» Assignment: Find the line in the entries below that contains "COL5: U1.26 (PD6);". Repeat it exactly, and every line after it through the line that contains "XTAL2: C4.1, U1.16 (XTAL2), Y1.2".

[Provided material — start]

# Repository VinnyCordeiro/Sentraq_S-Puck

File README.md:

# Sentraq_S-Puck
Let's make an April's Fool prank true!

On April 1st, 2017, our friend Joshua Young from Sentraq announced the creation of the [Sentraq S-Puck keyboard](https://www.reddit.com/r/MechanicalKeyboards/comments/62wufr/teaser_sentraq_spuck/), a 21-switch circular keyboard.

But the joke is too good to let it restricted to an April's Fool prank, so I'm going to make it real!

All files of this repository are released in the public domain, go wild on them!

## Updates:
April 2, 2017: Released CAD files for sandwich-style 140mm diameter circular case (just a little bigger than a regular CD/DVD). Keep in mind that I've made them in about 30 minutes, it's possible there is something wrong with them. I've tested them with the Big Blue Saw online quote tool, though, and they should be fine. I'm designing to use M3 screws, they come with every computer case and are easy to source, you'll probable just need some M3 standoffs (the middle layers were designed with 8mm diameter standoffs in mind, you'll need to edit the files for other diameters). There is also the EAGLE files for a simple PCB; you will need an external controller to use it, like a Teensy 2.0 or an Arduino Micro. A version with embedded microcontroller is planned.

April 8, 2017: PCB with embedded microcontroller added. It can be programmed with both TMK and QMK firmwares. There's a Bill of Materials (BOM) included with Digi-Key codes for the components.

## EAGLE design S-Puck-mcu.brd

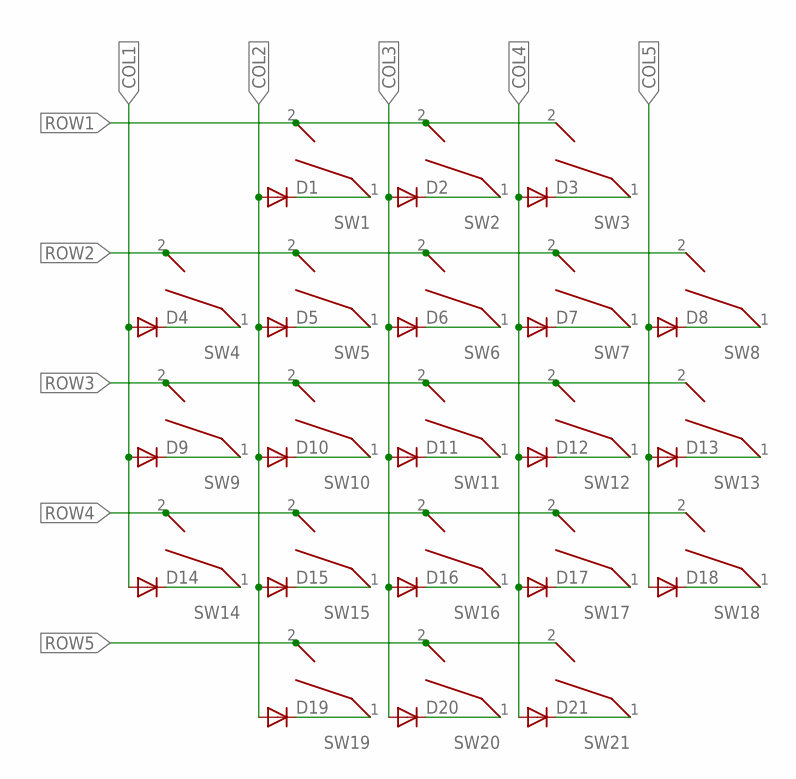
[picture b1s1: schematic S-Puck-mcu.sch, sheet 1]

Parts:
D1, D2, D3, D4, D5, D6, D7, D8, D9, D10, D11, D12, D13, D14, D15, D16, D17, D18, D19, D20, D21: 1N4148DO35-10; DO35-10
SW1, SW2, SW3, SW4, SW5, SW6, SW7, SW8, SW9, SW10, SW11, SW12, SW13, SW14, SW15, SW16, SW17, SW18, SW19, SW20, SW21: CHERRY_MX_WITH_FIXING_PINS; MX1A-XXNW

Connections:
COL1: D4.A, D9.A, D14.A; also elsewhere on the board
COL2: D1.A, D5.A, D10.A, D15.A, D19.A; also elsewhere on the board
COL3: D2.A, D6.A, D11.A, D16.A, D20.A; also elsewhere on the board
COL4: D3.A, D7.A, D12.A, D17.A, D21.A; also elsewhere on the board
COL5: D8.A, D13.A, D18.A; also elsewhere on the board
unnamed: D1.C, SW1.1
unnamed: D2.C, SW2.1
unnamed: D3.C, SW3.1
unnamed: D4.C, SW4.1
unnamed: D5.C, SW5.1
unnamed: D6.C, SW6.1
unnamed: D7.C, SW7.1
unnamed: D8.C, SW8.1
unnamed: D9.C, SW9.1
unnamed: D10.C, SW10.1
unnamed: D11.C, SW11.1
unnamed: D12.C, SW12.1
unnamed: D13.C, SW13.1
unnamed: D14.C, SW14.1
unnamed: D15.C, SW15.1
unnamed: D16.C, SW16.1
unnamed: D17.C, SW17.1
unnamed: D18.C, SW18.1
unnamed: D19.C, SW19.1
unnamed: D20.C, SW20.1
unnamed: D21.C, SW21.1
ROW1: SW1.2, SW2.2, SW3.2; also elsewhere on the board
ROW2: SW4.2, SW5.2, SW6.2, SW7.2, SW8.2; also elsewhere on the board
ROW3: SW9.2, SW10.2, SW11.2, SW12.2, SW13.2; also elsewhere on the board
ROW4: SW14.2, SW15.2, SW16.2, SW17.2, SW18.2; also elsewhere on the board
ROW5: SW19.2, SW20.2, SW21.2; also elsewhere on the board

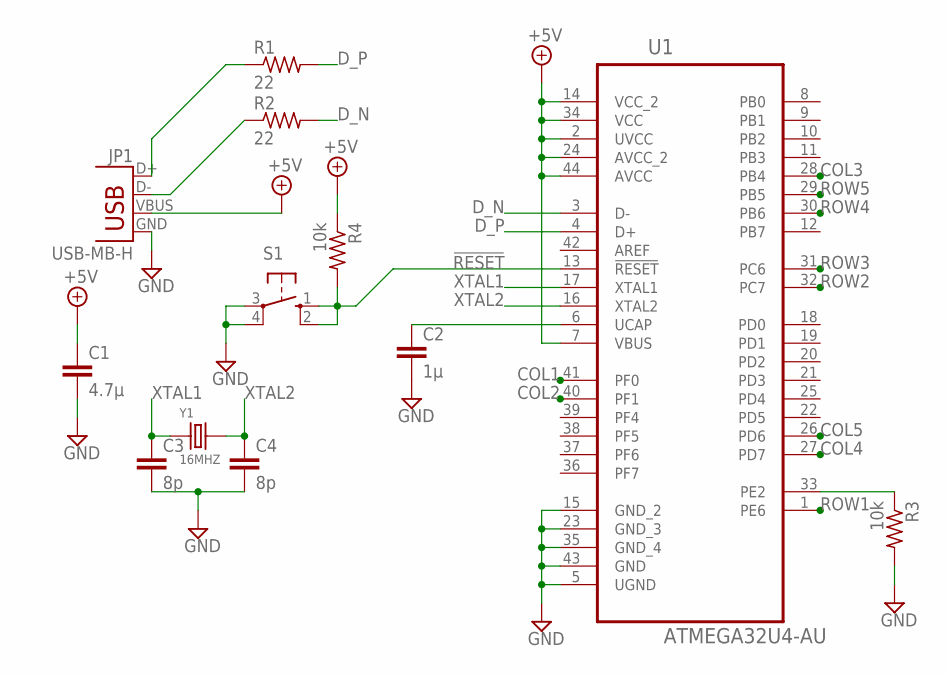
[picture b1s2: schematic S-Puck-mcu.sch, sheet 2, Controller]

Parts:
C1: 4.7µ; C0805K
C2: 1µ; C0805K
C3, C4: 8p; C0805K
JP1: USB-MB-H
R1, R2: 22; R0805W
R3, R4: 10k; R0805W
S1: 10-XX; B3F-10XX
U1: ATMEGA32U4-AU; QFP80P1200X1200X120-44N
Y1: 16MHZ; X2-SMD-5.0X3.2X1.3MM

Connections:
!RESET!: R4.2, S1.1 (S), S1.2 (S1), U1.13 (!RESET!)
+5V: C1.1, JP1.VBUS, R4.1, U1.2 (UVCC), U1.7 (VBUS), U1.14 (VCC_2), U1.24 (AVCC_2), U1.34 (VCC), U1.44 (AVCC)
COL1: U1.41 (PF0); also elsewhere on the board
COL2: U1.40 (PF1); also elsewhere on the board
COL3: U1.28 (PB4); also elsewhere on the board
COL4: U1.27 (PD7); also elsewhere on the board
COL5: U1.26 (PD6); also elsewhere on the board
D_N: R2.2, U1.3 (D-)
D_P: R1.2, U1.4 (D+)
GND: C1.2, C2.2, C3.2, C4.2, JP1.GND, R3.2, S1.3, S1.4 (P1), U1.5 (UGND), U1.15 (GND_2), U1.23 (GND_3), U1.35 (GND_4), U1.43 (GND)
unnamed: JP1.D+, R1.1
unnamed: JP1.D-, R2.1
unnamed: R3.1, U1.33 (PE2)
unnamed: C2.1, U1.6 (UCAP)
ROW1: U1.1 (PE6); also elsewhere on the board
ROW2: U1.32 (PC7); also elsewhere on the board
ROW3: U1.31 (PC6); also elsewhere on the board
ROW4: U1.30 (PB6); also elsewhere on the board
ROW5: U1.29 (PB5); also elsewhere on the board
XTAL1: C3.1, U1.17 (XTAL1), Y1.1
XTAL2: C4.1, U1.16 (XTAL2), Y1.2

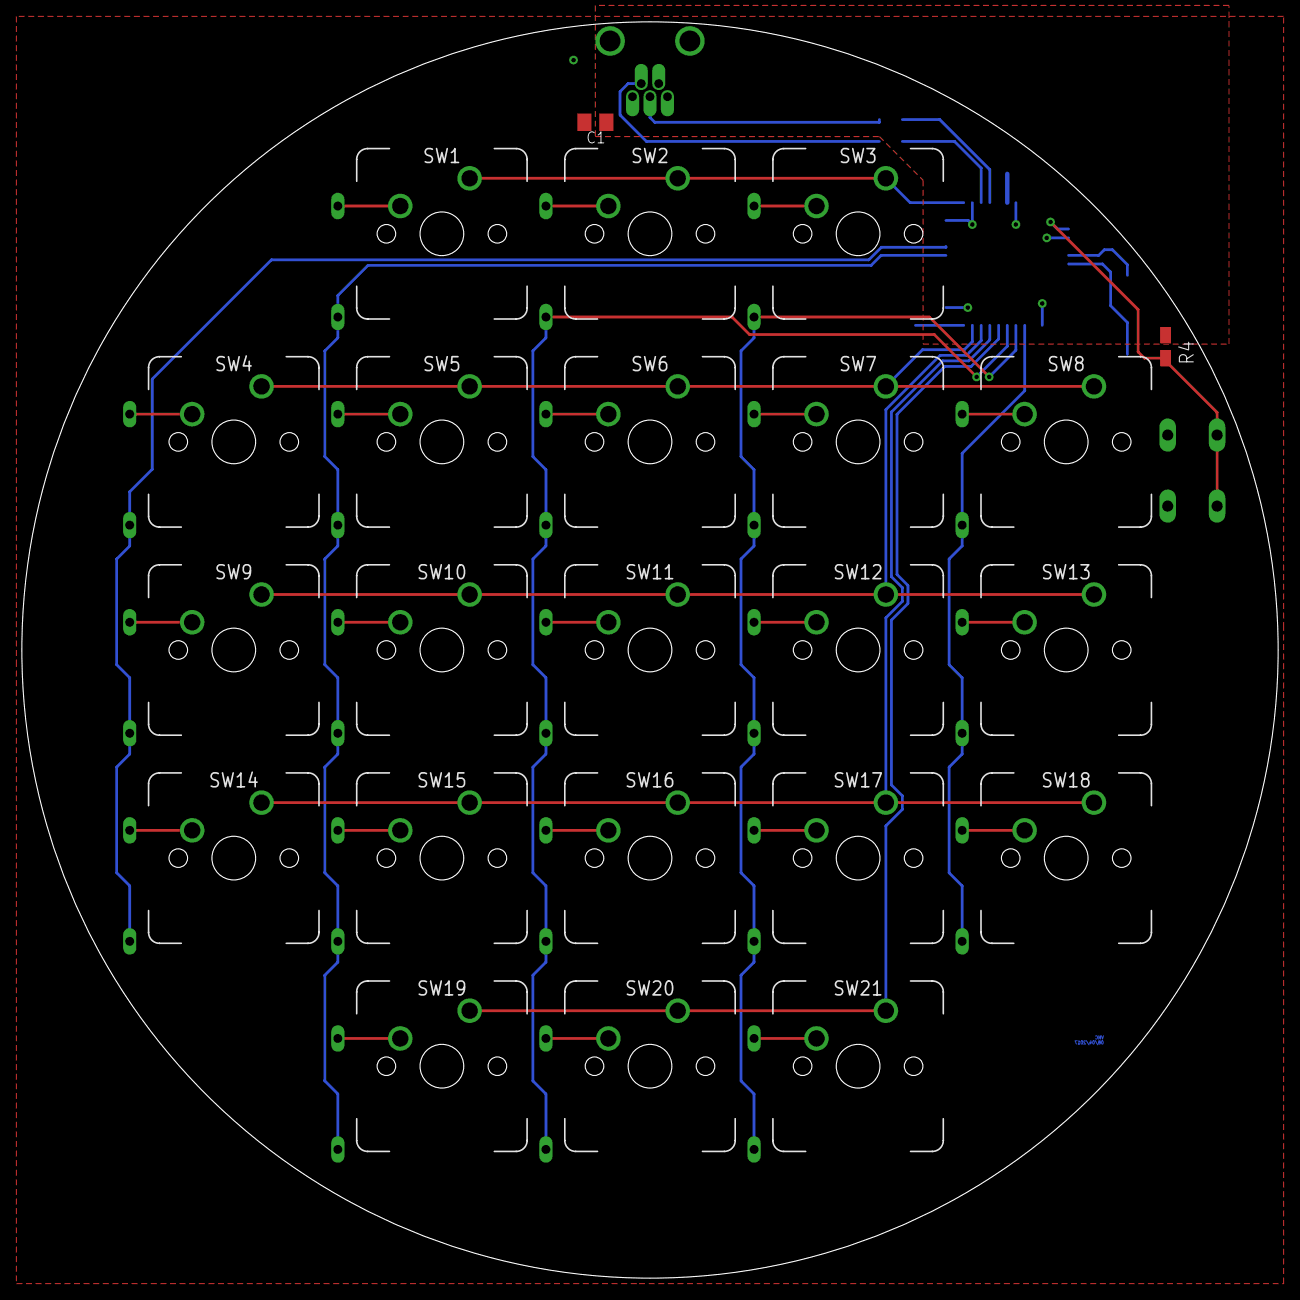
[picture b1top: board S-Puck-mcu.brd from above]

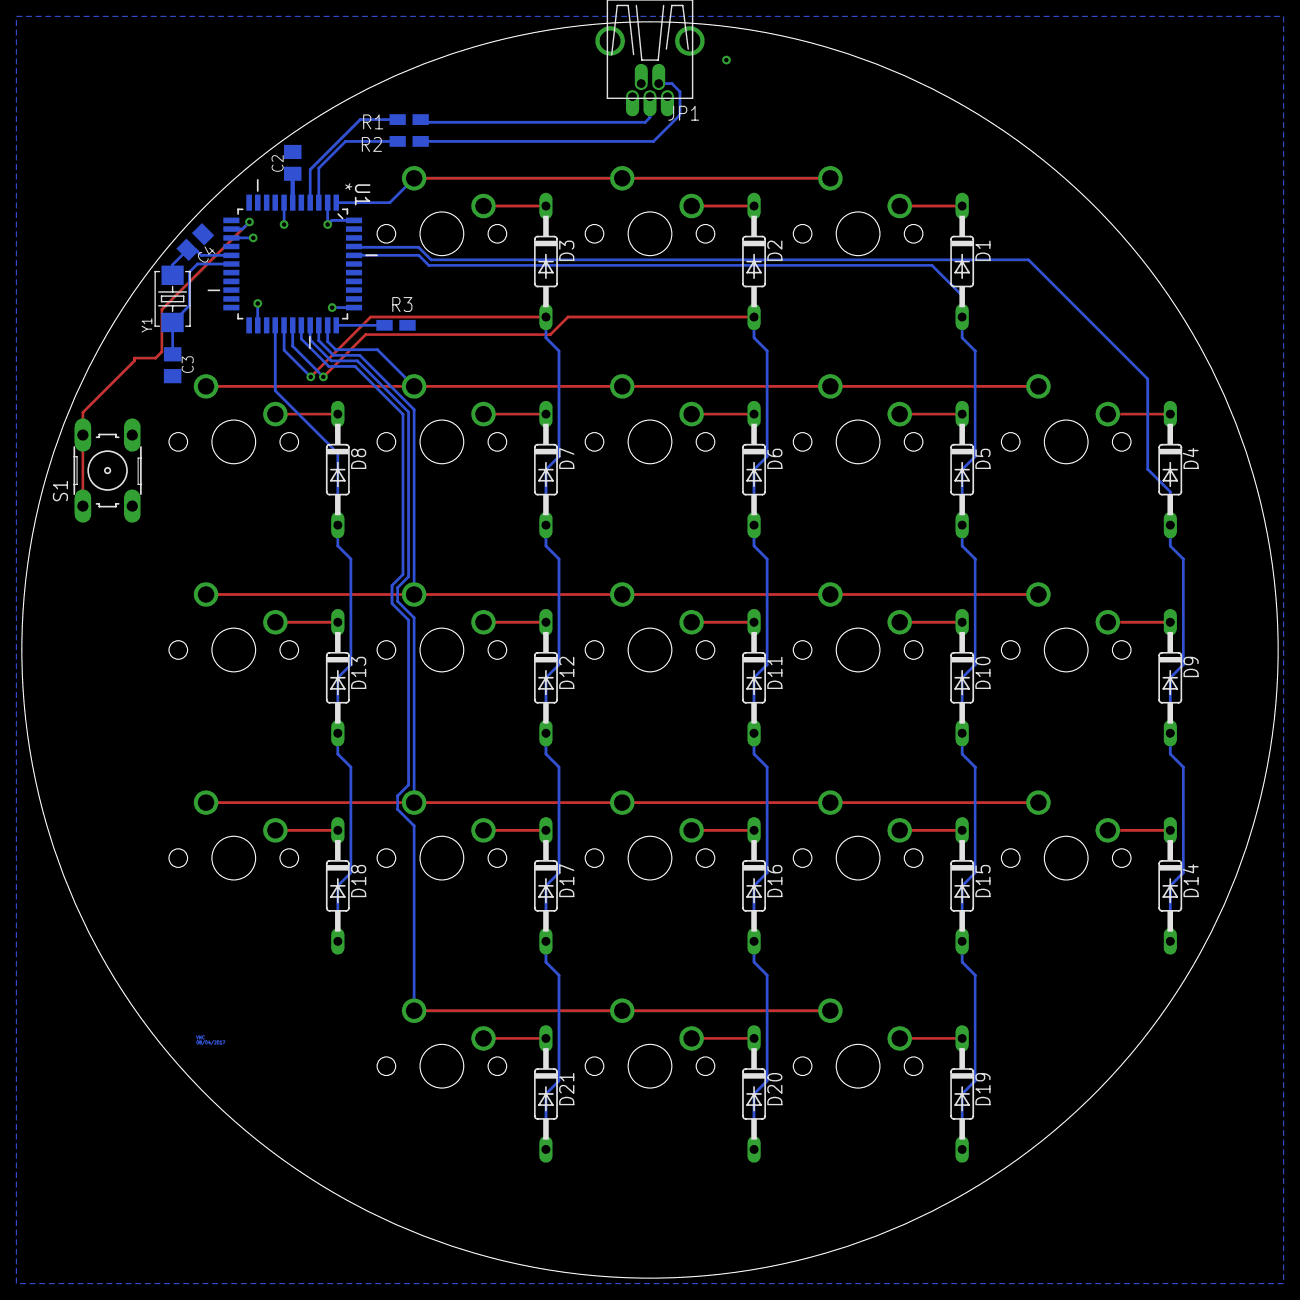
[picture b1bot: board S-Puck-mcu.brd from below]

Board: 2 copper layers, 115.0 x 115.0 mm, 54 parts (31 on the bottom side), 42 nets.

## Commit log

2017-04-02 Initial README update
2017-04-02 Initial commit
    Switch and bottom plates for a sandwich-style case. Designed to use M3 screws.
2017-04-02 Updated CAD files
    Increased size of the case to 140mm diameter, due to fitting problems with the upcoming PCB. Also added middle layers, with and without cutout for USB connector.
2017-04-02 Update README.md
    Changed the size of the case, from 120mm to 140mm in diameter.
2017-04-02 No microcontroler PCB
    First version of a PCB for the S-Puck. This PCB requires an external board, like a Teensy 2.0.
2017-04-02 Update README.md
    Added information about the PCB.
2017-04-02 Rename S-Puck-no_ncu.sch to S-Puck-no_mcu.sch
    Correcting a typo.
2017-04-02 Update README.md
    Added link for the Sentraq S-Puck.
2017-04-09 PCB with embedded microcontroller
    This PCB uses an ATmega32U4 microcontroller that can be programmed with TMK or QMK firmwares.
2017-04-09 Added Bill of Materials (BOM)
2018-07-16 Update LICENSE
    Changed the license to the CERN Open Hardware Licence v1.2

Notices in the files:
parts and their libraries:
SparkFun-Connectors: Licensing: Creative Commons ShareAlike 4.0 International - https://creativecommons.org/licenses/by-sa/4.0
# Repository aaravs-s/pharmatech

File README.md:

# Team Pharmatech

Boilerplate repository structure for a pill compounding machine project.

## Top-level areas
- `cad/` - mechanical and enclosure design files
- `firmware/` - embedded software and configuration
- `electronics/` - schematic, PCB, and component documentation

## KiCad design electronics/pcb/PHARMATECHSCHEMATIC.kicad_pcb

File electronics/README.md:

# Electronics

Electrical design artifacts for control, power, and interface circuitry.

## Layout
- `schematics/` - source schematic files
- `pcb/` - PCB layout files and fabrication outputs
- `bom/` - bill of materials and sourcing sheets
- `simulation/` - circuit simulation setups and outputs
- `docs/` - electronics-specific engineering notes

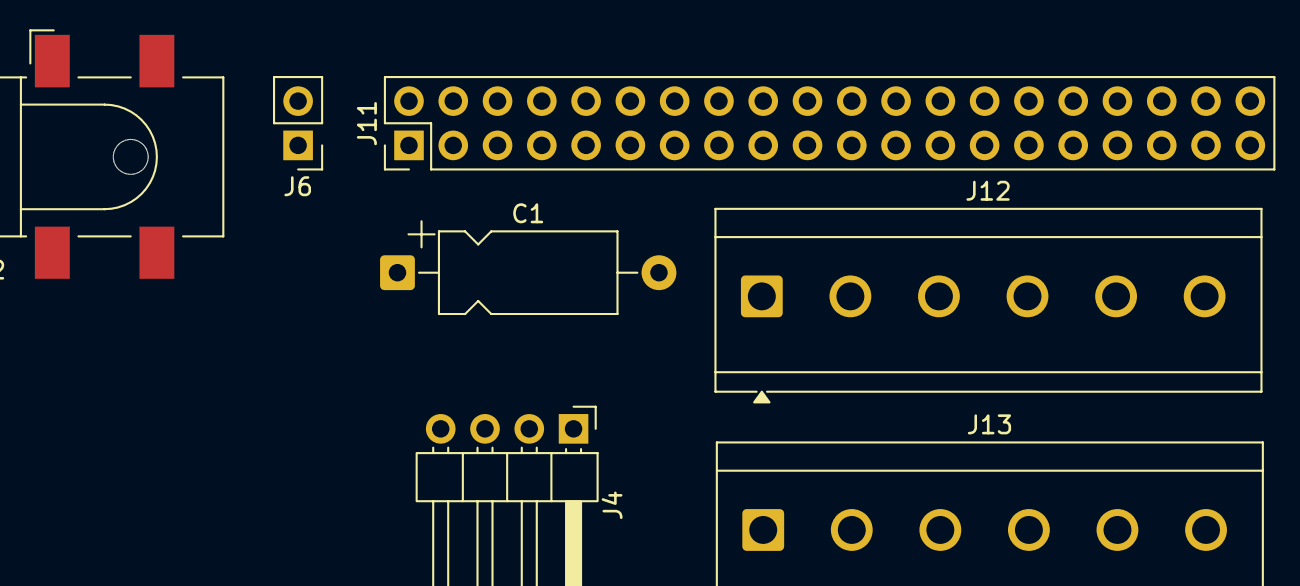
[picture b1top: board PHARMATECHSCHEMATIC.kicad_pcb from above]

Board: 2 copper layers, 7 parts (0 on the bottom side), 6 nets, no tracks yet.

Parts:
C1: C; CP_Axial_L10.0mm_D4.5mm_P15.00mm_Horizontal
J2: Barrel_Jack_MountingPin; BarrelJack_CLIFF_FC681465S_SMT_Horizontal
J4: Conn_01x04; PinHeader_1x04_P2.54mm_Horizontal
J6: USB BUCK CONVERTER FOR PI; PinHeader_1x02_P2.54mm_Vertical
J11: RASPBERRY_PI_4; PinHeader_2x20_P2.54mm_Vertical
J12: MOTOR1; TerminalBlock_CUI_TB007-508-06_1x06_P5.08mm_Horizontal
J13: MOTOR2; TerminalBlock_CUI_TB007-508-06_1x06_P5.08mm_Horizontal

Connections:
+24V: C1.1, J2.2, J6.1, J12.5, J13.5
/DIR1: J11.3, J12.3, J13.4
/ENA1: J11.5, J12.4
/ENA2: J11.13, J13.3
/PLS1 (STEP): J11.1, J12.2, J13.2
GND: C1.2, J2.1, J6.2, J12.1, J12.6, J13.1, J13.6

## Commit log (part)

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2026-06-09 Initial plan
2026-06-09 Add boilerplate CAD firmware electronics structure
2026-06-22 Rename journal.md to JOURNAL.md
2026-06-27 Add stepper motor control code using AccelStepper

[Provided material — finish]

» Response to this exercise:
COL5: U1.26 (PD6); also elsewhere on the board
D_N: R2.2, U1.3 (D-)
D_P: R1.2, U1.4 (D+)
GND: C1.2, C2.2, C3.2, C4.2, JP1.GND, R3.2, S1.3, S1.4 (P1), U1.5 (UGND), U1.15 (GND_2), U1.23 (GND_3), U1.35 (GND_4), U1.43 (GND)
unnamed: JP1.D+, R1.1
unnamed: JP1.D-, R2.1
unnamed: R3.1, U1.33 (PE2)
unnamed: C2.1, U1.6 (UCAP)
ROW1: U1.1 (PE6); also elsewhere on the board
ROW2: U1.32 (PC7); also elsewhere on the board
ROW3: U1.31 (PC6); also elsewhere on the board
ROW4: U1.30 (PB6); also elsewhere on the board
ROW5: U1.29 (PB5); also elsewhere on the board
XTAL1: C3.1, U1.17 (XTAL1), Y1.1
XTAL2: C4.1, U1.16 (XTAL2), Y1.2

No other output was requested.